The product of all `n^(th)` root of unity is always

To solve the problem of finding the product of all \( n^{th} \) roots of unity, we can follow these steps: ### Step-by-Step Solution: 1. **Understanding \( n^{th} \) Roots of Unity**: The \( n^{th} \) roots of unity are the solutions to the equation \( z^n = 1 \).
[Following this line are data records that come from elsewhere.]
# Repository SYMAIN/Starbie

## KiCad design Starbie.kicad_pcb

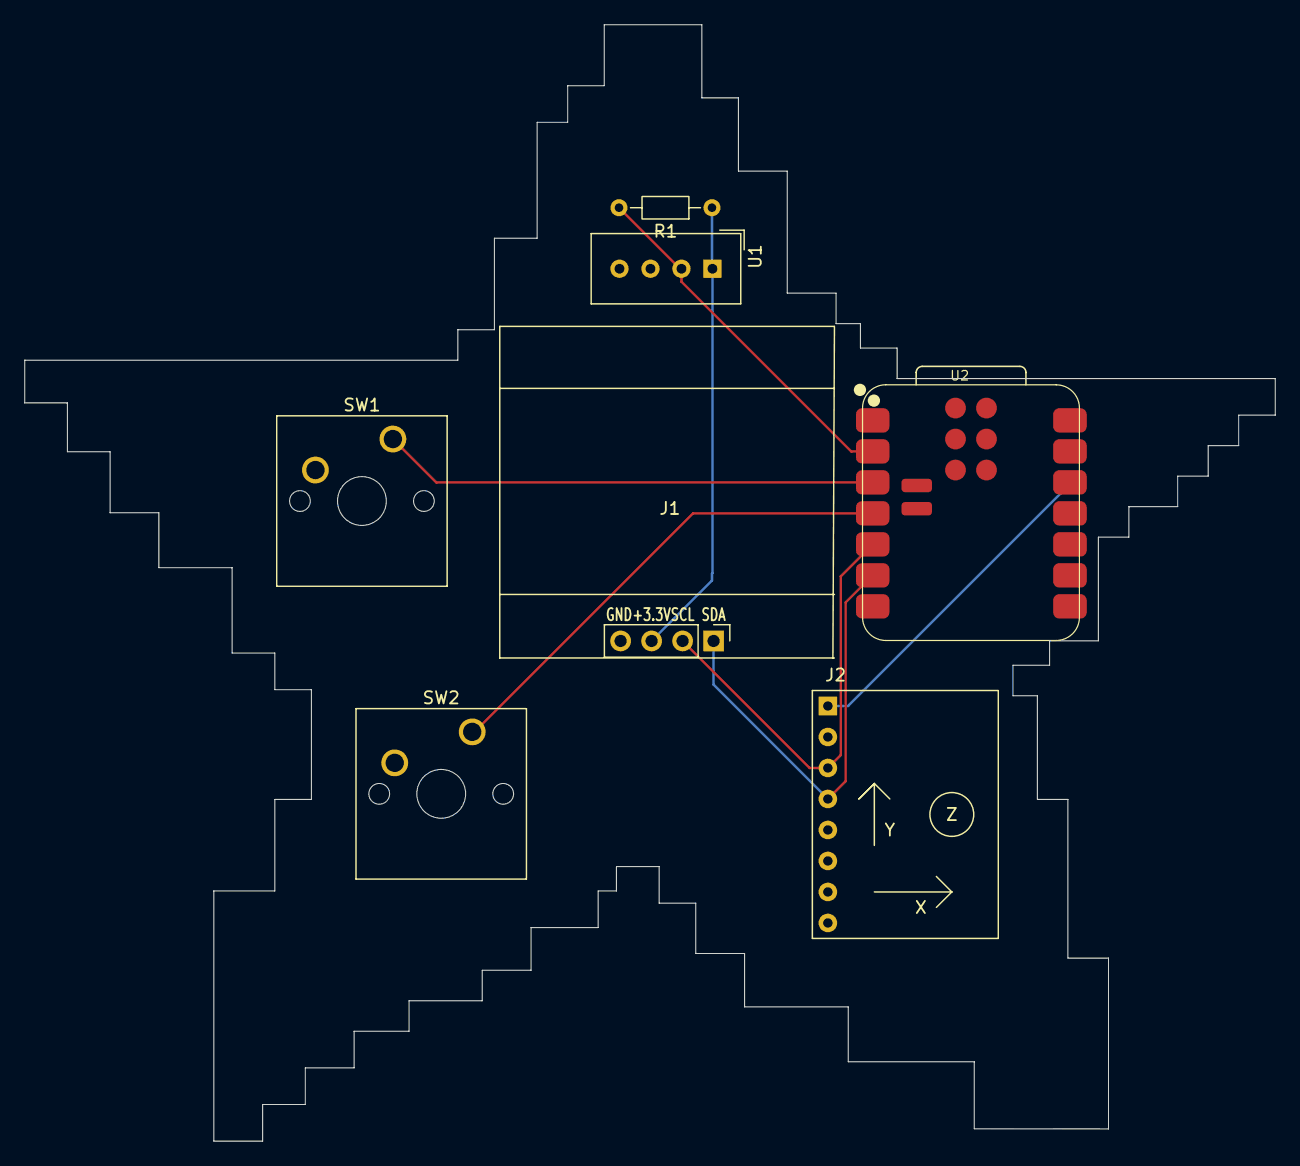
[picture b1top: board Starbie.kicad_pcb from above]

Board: 2 copper layers, 102.5 x 91.5 mm, 7 parts (0 on the bottom side), 7 nets.

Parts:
J1: Conn_01x04_Pin; Display_128x64_096_I2C
J2: Conn_01x08_Pin; MPU6050_Module
R1: 10k; R_Axial_DIN0204_L3.6mm_D1.6mm_P7.62mm_Horizontal
SW1, SW2: SW_Push; SW_Cherry_MX_1.00u_PCB
U1: DHT11; Aosong_DHT11_5.5x12.0_P2.54mm
U2: XIAO-ESP32-C3-SMD

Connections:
+3.3V: J1.3, J2.1, R1.1, U1.1 (VDD), U2.12 (3V3_OUT)
/DHT11 DATA: R1.2, U1.2 (DATA), U2.2 (D1)
/GPIO2: SW1.1, U2.3 (D2)
/GPIO3: SW2.1, U2.4 (D3)
/SCL: J1.2, J2.3, U2.5 (D4)
/SDA: J1.1, J2.4, U2.6 (D5)
GND: J1.4, J2.2, SW1.2, SW2.2, U1.4 (GND), U2.13 (GND), U2.18 (GND)

These roots can be expressed in the form: \[ z_k = e^{2\pi i k/n} \quad \text{for } k = 0, 1, 2, \ldots, n-1 \] 2. **Writing the Product of Roots**: The product of all \( n^{th} \) roots of unity can be represented as: \[ P = z_0 \cdot z_1 \cdot z_2 \cdots z_{n-1} = e^{2\pi i \cdot 0/n} \cdot e^{2\pi i \cdot 1/n} \cdot e^{2\pi i \cdot 2/n} \cdots e^{2\pi i \cdot (n-1)/n} \] 3. **Simplifying the Product**: This product can be simplified using properties of exponents: \[ P = e^{2\pi i (0 + 1 + 2 + \ldots + (n-1))/n} \] The sum \( 0 + 1 + 2 + \ldots + (n-1) \) can be calculated using the formula for the sum of the first \( n-1 \) integers: \[ \text{Sum} = \frac{(n-1)n}{2} \] Thus, we have: \[ P = e^{2\pi i \cdot \frac{(n-1)n/2}{n}} = e^{\pi i (n-1)} \] 4. **Evaluating \( e^{\pi i (n-1)} \)**: The expression \( e^{\pi i (n-1)} \) can be evaluated based on whether \( n-1 \) is even or odd: - If \( n-1 \) is even (i.e., \( n \) is odd), then \( e^{\pi i (n-1)} = 1 \). - If \( n-1 \) is odd (i.e., \( n \) is even), then \( e^{\pi i (n-1)} = -1 \). 5. **Conclusion**: Therefore, the product of all \( n^{th} \) roots of unity is: \[ P = (-1)^{n-1} \] This means: - If \( n \) is odd, the product is \( 1 \). - If \( n \) is even, the product is \( -1 \). ### Final Answer: The product of all \( n^{th} \) roots of unity is \( 1 \) if \( n \) is odd and \( -1 \) if \( n \) is even. ---